> [EXERCISE]: From the records below, transcribe exactly the lines that begin at the line with "mat_base.use_transparent_shadow = False" and end at the line with "mat_base.use_nodes = True;", both included.

(Stored data entries)
*-*-*

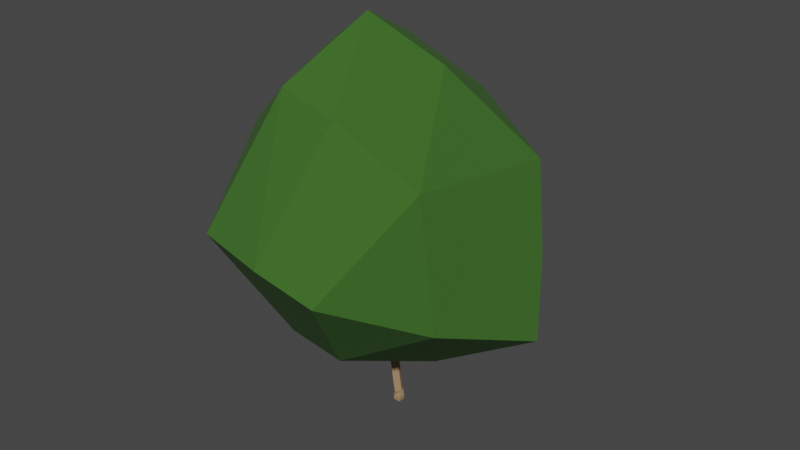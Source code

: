 # Source: leafy_factory.blend  (saved by Blender 3.1.7; exported with 4.5.12 LTS)
import bpy
from mathutils import Matrix  # noqa: F401  (used for matrix-valued properties, if any)

bpy.ops.wm.read_factory_settings(use_empty=True)
scene = bpy.context.scene
scene.name = 'Scene'

# ---- collections
col_collection = bpy.data.collections.new('Collection'); scene.collection.children.link(col_collection)
col_tree = bpy.data.collections.new('Tree'); col_collection.children.link(col_tree)

# ---- materials (node trees are filled in below, after node groups)
mat_base = bpy.data.materials.new('Base')
mat_base.use_transparent_shadow = False
mat_leaves = bpy.data.materials.new('Leaves')
mat_leaves.use_transparent_shadow = False

# ---- material node trees
mat_base.use_nodes = True; mat_base.node_tree.nodes.clear()
_N = mat_base.node_tree.nodes; _L = mat_base.node_tree.links
n0 = _N.new('ShaderNodeBsdfPrincipled'); n0.name = 'Principled BSDF'; n0.location = (10, 300)
n0.distribution = 'GGX'
n0.subsurface_method = 'RANDOM_WALK_SKIN'
n0.inputs[0].default_value = (0.3715, 0.2315, 0.1257, 1.0)
n0.inputs[2].default_value = 0.9895
n0.inputs[3].default_value = 1.45
n0.inputs[27].default_value = (0.0, 0.0, 0.0, 1.0)
n0.inputs[28].default_value = 1.0
n1 = _N.new('ShaderNodeOutputMaterial'); n1.name = 'Material Output'; n1.location = (300, 300)
_L.new(n0.outputs[0], n1.inputs[0])
n1.is_active_output = True
mat_leaves.use_nodes = True; mat_leaves.node_tree.nodes.clear()
_N = mat_leaves.node_tree.nodes; _L = mat_leaves.node_tree.links
n0 = _N.new('ShaderNodeBsdfPrincipled'); n0.name = 'Principled BSDF'; n0.location = (10, 300)
n0.distribution = 'GGX'
n0.subsurface_method = 'RANDOM_WALK_SKIN'
n0.inputs[0].default_value = (0.04076, 0.1352, 0.01544, 1.0)
n0.inputs[2].default_value = 1.0
n0.inputs[3].default_value = 1.45
n0.inputs[27].default_value = (0.0, 0.0, 0.0, 1.0)
n0.inputs[28].default_value = 1.0
n1 = _N.new('ShaderNodeOutputMaterial'); n1.name = 'Material Output'; n1.location = (300, 300)
_L.new(n0.outputs[0], n1.inputs[0])
n1.is_active_output = True

# ---- world
world_world = bpy.data.worlds.new('World'); scene.world = world_world
world_world.use_nodes = True; world_world.node_tree.nodes.clear()
_N = world_world.node_tree.nodes; _L = world_world.node_tree.links
n0 = _N.new('ShaderNodeOutputWorld'); n0.name = 'World Output'; n0.location = (300, 300)
n1 = _N.new('ShaderNodeBackground'); n1.name = 'Background'; n1.location = (10, 300)
n1.inputs[0].default_value = (0.05088, 0.05088, 0.05088, 1.0)
_L.new(n1.outputs[0], n0.inputs[0])
n0.is_active_output = True
world_world.color = (0.05088, 0.05088, 0.05088)
world_world.use_sun_shadow = False
world_world.sun_shadow_jitter_overblur = 0.0

# ---- meshes
me_plane = bpy.data.meshes.new('Plane')
me_plane.from_pydata([(-0.09273, -0.1896, -0.02633), (0.001397, -0.008923, 6.97), (-0.3615, -0.3431, 2.691), (-0.1889, -0.1173, 3.783), (1.201, -1.861, 6.813), (-0.7799, 3.322, 8.024), (0.2438, 5.493, 11.85), (3.731, -1.5, 11.95), (0.2253, -0.1051, 11.01), (-2.213, -2.766, 10.5), (-0.1317, -0.1896, -0.5918)], [(2, 3), (3, 1), (0, 2), (3, 4), (1, 5), (5, 6), (4, 7), (1, 8), (1, 9), (10, 0)], [])
_uv = me_plane.uv_layers.new(name='UVMap')
_uv.uv.foreach_set('vector', [])
me_plane.materials.append(mat_base)
me_plane.use_remesh_fix_poles = True
me_plane.use_remesh_preserve_attributes = False
me_plane.update()
me_icosphere_006 = bpy.data.meshes.new('Icosphere.006')
me_icosphere_006.from_pydata([(0.5125, 0.8917, -0.4492), (3.208, 0.03837, -0.2622), (0.122, -0.0872, -0.0862), (-0.496, 0.7634, -0.0862), (0.284, 1.499, -0.1738), (2.503, 1.308, -0.2681), (1.169, -0.8517, 0.5217), (-0.5366, -0.3086, 0.5158), (-0.1335, 1.223, 0.227), (1.753, 1.605, 0.06416), (3.409, 0.6128, 0.1387), (1.767, 0.5793, 0.81), (0.4178, 0.3755, -0.313), (1.86, 0.465, -0.3557), (1.665, -0.02441, -0.1742), (2.855, 0.6731, -0.2652), (1.508, 1.1, -0.3587), (0.008214, 0.8276, -0.2677), (-0.187, 0.3381, -0.0862), (0.3982, 1.195, -0.3115), (-0.106, 1.131, -0.13), (1.393, 1.404, -0.221), (3.308, 0.3256, -0.06177), (2.956, 0.9604, -0.06472), (0.6454, -0.4694, 0.2177), (2.188, -0.4066, 0.1297), (-0.5163, 0.2274, 0.2148), (-0.2073, -0.1979, 0.2148), (0.07526, 1.361, 0.02659), (-0.3148, 0.9932, 0.07041), (2.128, 1.457, -0.102), (1.018, 1.552, -0.05484), (2.289, -0.1194, 0.3302), (0.3161, -0.5801, 0.5187), (-0.335, 0.4572, 0.3714), (0.8095, 1.414, 0.1456), (2.581, 1.109, 0.1014), (1.468, -0.1362, 0.6659), (2.588, 0.5961, 0.4743), (0.6153, 0.1353, 0.6629), (0.8169, 0.9011, 0.5185), (1.76, 1.092, 0.4371)], [], [(0, 13, 12), (1, 13, 15), (0, 12, 17), (0, 17, 19), (0, 19, 16), (1, 15, 22), (2, 14, 24), (3, 18, 26), (4, 20, 28), (5, 21, 30), (1, 22, 25), (2, 24, 27), (3, 26, 29), (4, 28, 31), (5, 30, 23), (6, 32, 37), (7, 33, 39), (8, 34, 40), (9, 35, 41), (10, 36, 38), (38, 41, 11), (38, 36, 41), (36, 9, 41), (41, 40, 11), (41, 35, 40), (35, 8, 40), (40, 39, 11), (40, 34, 39), (34, 7, 39), (39, 37, 11), (39, 33, 37), (33, 6, 37), (37, 38, 11), (37, 32, 38), (32, 10, 38), (23, 36, 10), (23, 30, 36), (30, 9, 36), (31, 35, 9), (31, 28, 35), (28, 8, 35), (29, 34, 8), (29, 26, 34), (26, 7, 34), (27, 33, 7), (27, 24, 33), (24, 6, 33), (25, 32, 6), (25, 22, 32), (22, 10, 32), (30, 31, 9), (30, 21, 31), (21, 4, 31), (28, 29, 8), (28, 20, 29), (20, 3, 29), (26, 27, 7), (26, 18, 27), (18, 2, 27), (24, 25, 6), (24, 14, 25), (14, 1, 25), (22, 23, 10), (22, 15, 23), (15, 5, 23), (16, 21, 5), (16, 19, 21), (19, 4, 21), (19, 20, 4), (19, 17, 20), (17, 3, 20), (17, 18, 3), (17, 12, 18), (12, 2, 18), (15, 16, 5), (15, 13, 16), (13, 0, 16), (12, 14, 2), (12, 13, 14), (13, 1, 14)])
_uv = me_icosphere_006.uv_layers.new(name='UVMap')
_uv.uv.foreach_set('vector', [0.1818, 0.0, 0.2273, 0.07873, 0.1364, 0.07873, 0.2727, 0.1575, 0.3182, 0.07873, 0.3636, 0.1575, 0.9091, 0.0, 0.9545, 0.07873, 0.8636, 0.07873, 0.7273, 0.0, 0.7727, 0.07873, 0.6818, 0.07873, 0.5455, 0.0, 0.5909, 0.07873, 0.5, 0.07873, 0.2727, 0.1575, 0.3636, 0.1575, 0.3182, 0.2362, 0.09091, 0.1575, 0.1818, 0.1575, 0.1364, 0.2362, 0.8182, 0.1575, 0.9091, 0.1575, 0.8636, 0.2362, 0.6364, 0.1575, 0.7273, 0.1575, 0.6818, 0.2362, 0.4545, 0.1575, 0.5455, 0.1575, 0.5, 0.2362, 0.2727, 0.1575, 0.3182, 0.2362, 0.2273, 0.2362, 0.09091, 0.1575, 0.1364, 0.2362, 0.04546, 0.2362, 0.8182, 0.1575, 0.8636, 0.2362, 0.7727, 0.2362, 0.6364, 0.1575, 0.6818, 0.2362, 0.5909, 0.2362, 0.4545, 0.1575, 0.5, 0.2362, 0.4091, 0.2362, 0.1818, 0.3149, 0.2727, 0.3149, 0.2273, 0.3937, 0.0, 0.3149, 0.09091, 0.3149, 0.04546, 0.3937, 0.7273, 0.3149, 0.8182, 0.3149, 0.7727, 0.3937, 0.5455, 0.3149, 0.6364, 0.3149, 0.5909, 0.3937, 0.3636, 0.3149, 0.4545, 0.3149, 0.4091, 0.3937, 0.4091, 0.3937, 0.5, 0.3937, 0.4545, 0.4724, 0.4091, 0.3937, 0.4545, 0.3149, 0.5, 0.3937, 0.4545, 0.3149, 0.5455, 0.3149, 0.5, 0.3937, 0.5909, 0.3937, 0.6818, 0.3937, 0.6364, 0.4724, 0.5909, 0.3937, 0.6364, 0.3149, 0.6818, 0.3937, 0.6364, 0.3149, 0.7273, 0.3149, 0.6818, 0.3937, 0.7727, 0.3937, 0.8636, 0.3937, 0.8182, 0.4724, 0.7727, 0.3937, 0.8182, 0.3149, 0.8636, 0.3937, 0.8182, 0.3149, 0.9091, 0.3149, 0.8636, 0.3937, 0.04546, 0.3937, 0.1364, 0.3937, 0.09091, 0.4724, 0.04546, 0.3937, 0.09091, 0.3149, 0.1364, 0.3937, 0.09091, 0.3149, 0.1818, 0.3149, 0.1364, 0.3937, 0.2273, 0.3937, 0.3182, 0.3937, 0.2727, 0.4724, 0.2273, 0.3937, 0.2727, 0.3149, 0.3182, 0.3937, 0.2727, 0.3149, 0.3636, 0.3149, 0.3182, 0.3937, 0.4091, 0.2362, 0.4545, 0.3149, 0.3636, 0.3149, 0.4091, 0.2362, 0.5, 0.2362, 0.4545, 0.3149, 0.5, 0.2362, 0.5455, 0.3149, 0.4545, 0.3149, 0.5909, 0.2362, 0.6364, 0.3149, 0.5455, 0.3149, 0.5909, 0.2362, 0.6818, 0.2362, 0.6364, 0.3149, 0.6818, 0.2362, 0.7273, 0.3149, 0.6364, 0.3149, 0.7727, 0.2362, 0.8182, 0.3149, 0.7273, 0.3149, 0.7727, 0.2362, 0.8636, 0.2362, 0.8182, 0.3149, 0.8636, 0.2362, 0.9091, 0.3149, 0.8182, 0.3149, 0.04546, 0.2362, 0.09091, 0.3149, 0.0, 0.3149, 0.04546, 0.2362, 0.1364, 0.2362, 0.09091, 0.3149, 0.1364, 0.2362, 0.1818, 0.3149, 0.09091, 0.3149, 0.2273, 0.2362, 0.2727, 0.3149, 0.1818, 0.3149, 0.2273, 0.2362, 0.3182, 0.2362, 0.2727, 0.3149, 0.3182, 0.2362, 0.3636, 0.3149, 0.2727, 0.3149, 0.5, 0.2362, 0.5909, 0.2362, 0.5455, 0.3149, 0.5, 0.2362, 0.5455, 0.1575, 0.5909, 0.2362, 0.5455, 0.1575, 0.6364, 0.1575, 0.5909, 0.2362, 0.6818, 0.2362, 0.7727, 0.2362, 0.7273, 0.3149, 0.6818, 0.2362, 0.7273, 0.1575, 0.7727, 0.2362, 0.7273, 0.1575, 0.8182, 0.1575, 0.7727, 0.2362, 0.8636, 0.2362, 0.9545, 0.2362, 0.9091, 0.3149, 0.8636, 0.2362, 0.9091, 0.1575, 0.9545, 0.2362, 0.9091, 0.1575, 1.0, 0.1575, 0.9545, 0.2362, 0.1364, 0.2362, 0.2273, 0.2362, 0.1818, 0.3149, 0.1364, 0.2362, 0.1818, 0.1575, 0.2273, 0.2362, 0.1818, 0.1575, 0.2727, 0.1575, 0.2273, 0.2362, 0.3182, 0.2362, 0.4091, 0.2362, 0.3636, 0.3149, 0.3182, 0.2362, 0.3636, 0.1575, 0.4091, 0.2362, 0.3636, 0.1575, 0.4545, 0.1575, 0.4091, 0.2362, 0.5, 0.07873, 0.5455, 0.1575, 0.4545, 0.1575, 0.5, 0.07873, 0.5909, 0.07873, 0.5455, 0.1575, 0.5909, 0.07873, 0.6364, 0.1575, 0.5455, 0.1575, 0.6818, 0.07873, 0.7273, 0.1575, 0.6364, 0.1575, 0.6818, 0.07873, 0.7727, 0.07873, 0.7273, 0.1575, 0.7727, 0.07873, 0.8182, 0.1575, 0.7273, 0.1575, 0.8636, 0.07873, 0.9091, 0.1575, 0.8182, 0.1575, 0.8636, 0.07873, 0.9545, 0.07873, 0.9091, 0.1575, 0.9545, 0.07873, 1.0, 0.1575, 0.9091, 0.1575, 0.3636, 0.1575, 0.4091, 0.07873, 0.4545, 0.1575, 0.3636, 0.1575, 0.3182, 0.07873, 0.4091, 0.07873, 0.3182, 0.07873, 0.3636, 0.0, 0.4091, 0.07873, 0.1364, 0.07873, 0.1818, 0.1575, 0.09091, 0.1575, 0.1364, 0.07873, 0.2273, 0.07873, 0.1818, 0.1575, 0.2273, 0.07873, 0.2727, 0.1575, 0.1818, 0.1575])
me_icosphere_006.materials.append(mat_leaves)
me_icosphere_006.use_remesh_fix_poles = True
me_icosphere_006.use_remesh_preserve_attributes = False
me_icosphere_006.update()

# ---- objects
ob_stem = bpy.data.objects.new('Stem', me_plane)
ob_icosphere_005 = bpy.data.objects.new('Icosphere.005', me_icosphere_006)

# ---- transforms, parenting, visibility, modifiers, constraints
ob_stem.location = (-1.49e-08, 0.0, 0.0)
ob_stem.scale = (0.2685, 0.2685, 0.2685)
_m = ob_stem.modifiers.new('Skin', 'SKIN')
_m.use_y_symmetry = True
ob_icosphere_005.parent = ob_stem
ob_icosphere_005.matrix_parent_inverse = Matrix(((3.724, -0.0, 0.0, 5.55e-08), (-0.0, 3.724, -0.0, 0.0), (0.0, -0.0, 3.724, -0.0), (-0.0, 0.0, -0.0, 1.0)))
ob_icosphere_005.location = (-0.7361, -1.305, 2.992)
ob_icosphere_005.rotation_euler = (0.3616, -0.1912, 0.4437)
ob_icosphere_005.scale = (1.001, 2.065, 3.307)
_m = ob_icosphere_005.modifiers.new('Displace', 'DISPLACE')

# ---- collection membership
col_collection.objects.link(ob_stem)
col_tree.objects.link(ob_icosphere_005)

# ---- scene / render settings (as saved in the file)
scene.frame_start = 1; scene.frame_end = 250; scene.frame_set(1)
scene.render.engine = 'BLENDER_EEVEE_NEXT'
scene.cycles.sampling_pattern = 'TABULATED_SOBOL'
scene.cycles.use_light_tree = False
scene.view_settings.view_transform = 'Filmic'
bpy.context.view_layer.update()

# ---- added for rendering (the .blend has no active camera and no usable light): camera, sun
cam_auto = bpy.data.cameras.new('AutoCamera')
cam_auto.lens = 50.0
cam_auto.sensor_width = 36.0
cam_auto.clip_end = 1000.0
ob_auto_camera = bpy.data.objects.new('AutoCamera', cam_auto)
scene.collection.objects.link(ob_auto_camera)
ob_auto_camera.location = (11.166, -13.4596, 12.5285)
ob_auto_camera.rotation_euler = (1.09748, -7.21219e-08, 0.694738)
scene.camera = ob_auto_camera
light_auto_sun = bpy.data.lights.new('AutoSun', 'SUN')
light_auto_sun.energy = 3.0
light_auto_sun.angle = 0.0523599
ob_auto_sun = bpy.data.objects.new('AutoSun', light_auto_sun)
scene.collection.objects.link(ob_auto_sun)
ob_auto_sun.rotation_euler = (0.872665, 0.174533, 0.523599)
bpy.context.view_layer.update()

*-*-*

> [WRITTEN REPLY]:
mat_base.use_transparent_shadow = False
mat_leaves = bpy.data.materials.new('Leaves')
mat_leaves.use_transparent_shadow = False

# ---- material node trees
mat_base.use_nodes = True; mat_base.node_tree.nodes.clear()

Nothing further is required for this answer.